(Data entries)

+ + + +

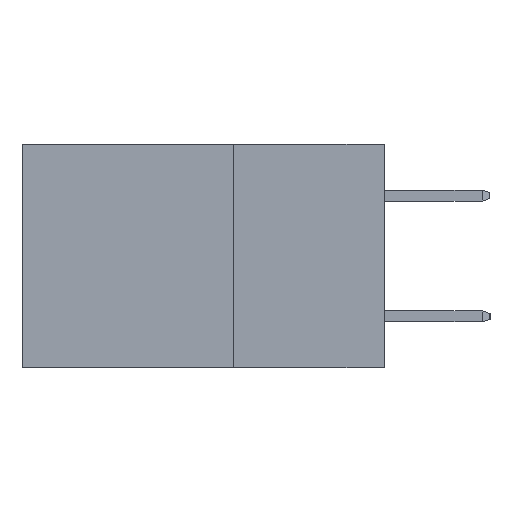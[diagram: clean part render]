
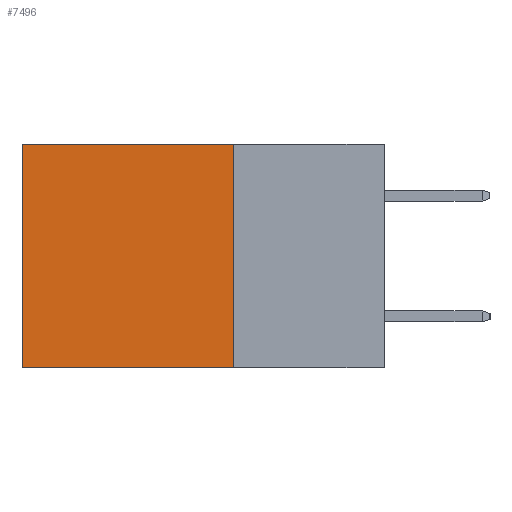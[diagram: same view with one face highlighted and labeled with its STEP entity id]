
A CAD part, left-side view. The second image highlights one B-rep face of the part: STEP entity #7496.
In plain terms, the highlighted planar face has unit normal (-1, 0, 0).
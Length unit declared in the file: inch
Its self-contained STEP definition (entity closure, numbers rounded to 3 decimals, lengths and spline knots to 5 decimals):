
#25 = EDGE_LOOP ( 'NONE', ( #1449, #12313, #4596, #12599 ) ) ;
#154 = CARTESIAN_POINT ( 'NONE',  ( 0.2615, 0.25, 0. ) ) ;
#807 = EDGE_CURVE ( 'NONE', #3519, #12915, #7154, .T. ) ;
#955 = DIRECTION ( 'NONE',  ( 0., 1., 0. ) ) ;
#1449 = ORIENTED_EDGE ( 'NONE', *, *, #8309, .T. ) ;
#2155 = VERTEX_POINT ( 'NONE', #9600 ) ;
#2681 = LINE ( 'NONE', #8289, #12752 ) ;
#3519 = VERTEX_POINT ( 'NONE', #7701 ) ;
#3687 = AXIS2_PLACEMENT_3D ( 'NONE', #3887, #3749, #3745 ) ;
#3745 = DIRECTION ( 'NONE',  ( 0., 0., -1. ) ) ;
#3748 = DIRECTION ( 'NONE',  ( 0., 0., -1. ) ) ;
#3749 = DIRECTION ( 'NONE',  ( 1., 0., 0. ) ) ;
#3763 = PLANE ( 'NONE',  #3687 ) ;
#3887 = CARTESIAN_POINT ( 'NONE',  ( 0.2615, 0.25, -0.37 ) ) ;
#4132 = CARTESIAN_POINT ( 'NONE',  ( 0.2615, 0.25, -0.37 ) ) ;
#4428 = EDGE_CURVE ( 'NONE', #12915, #9965, #10270, .T. ) ;
#4463 = FACE_OUTER_BOUND ( 'NONE', #25, .T. ) ;
#4596 = ORIENTED_EDGE ( 'NONE', *, *, #807, .F. ) ;
#4690 = LINE ( 'NONE', #154, #12391 ) ;
#7154 = LINE ( 'NONE', #11751, #12208 ) ;
#7496 = ADVANCED_FACE ( 'NONE', ( #4463 ), #3763, .F. ) ;
#7584 = VECTOR ( 'NONE', #955, 39.37008 ) ;
#7701 = CARTESIAN_POINT ( 'NONE',  ( 0.2615, 0.25, 0. ) ) ;
#8289 = CARTESIAN_POINT ( 'NONE',  ( 0.2615, 0.6, -0.37 ) ) ;
#8309 = EDGE_CURVE ( 'NONE', #2155, #9965, #2681, .T. ) ;
#8441 = DIRECTION ( 'NONE',  ( 0., 0., -1. ) ) ;
#8512 = DIRECTION ( 'NONE',  ( 0., 1., 0. ) ) ;
#8837 = CARTESIAN_POINT ( 'NONE',  ( 0.2615, 0.25, -0.37 ) ) ;
#9385 = CARTESIAN_POINT ( 'NONE',  ( 0.2615, 0.6, -0.37 ) ) ;
#9600 = CARTESIAN_POINT ( 'NONE',  ( 0.2615, 0.6, 0. ) ) ;
#9965 = VERTEX_POINT ( 'NONE', #9385 ) ;
#10270 = LINE ( 'NONE', #4132, #7584 ) ;
#11751 = CARTESIAN_POINT ( 'NONE',  ( 0.2615, 0.25, -0.37 ) ) ;
#12087 = EDGE_CURVE ( 'NONE', #3519, #2155, #4690, .T. ) ;
#12208 = VECTOR ( 'NONE', #3748, 39.37008 ) ;
#12313 = ORIENTED_EDGE ( 'NONE', *, *, #4428, .F. ) ;
#12391 = VECTOR ( 'NONE', #8512, 39.37008 ) ;
#12599 = ORIENTED_EDGE ( 'NONE', *, *, #12087, .T. ) ;
#12752 = VECTOR ( 'NONE', #8441, 39.37008 ) ;
#12915 = VERTEX_POINT ( 'NONE', #8837 ) ;

+ + + +

WHAT IS BEING ASKED:
Go through the records and report each line that contains "DIRECTION".

TASK OUTPUT:
#955 = DIRECTION ( 'NONE',  ( 0., 1., 0. ) ) ;
#3745 = DIRECTION ( 'NONE',  ( 0., 0., -1. ) ) ;
#3748 = DIRECTION ( 'NONE',  ( 0., 0., -1. ) ) ;
#3749 = DIRECTION ( 'NONE',  ( 1., 0., 0. ) ) ;
#8441 = DIRECTION ( 'NONE',  ( 0., 0., -1. ) ) ;
#8512 = DIRECTION ( 'NONE',  ( 0., 1., 0. ) ) ;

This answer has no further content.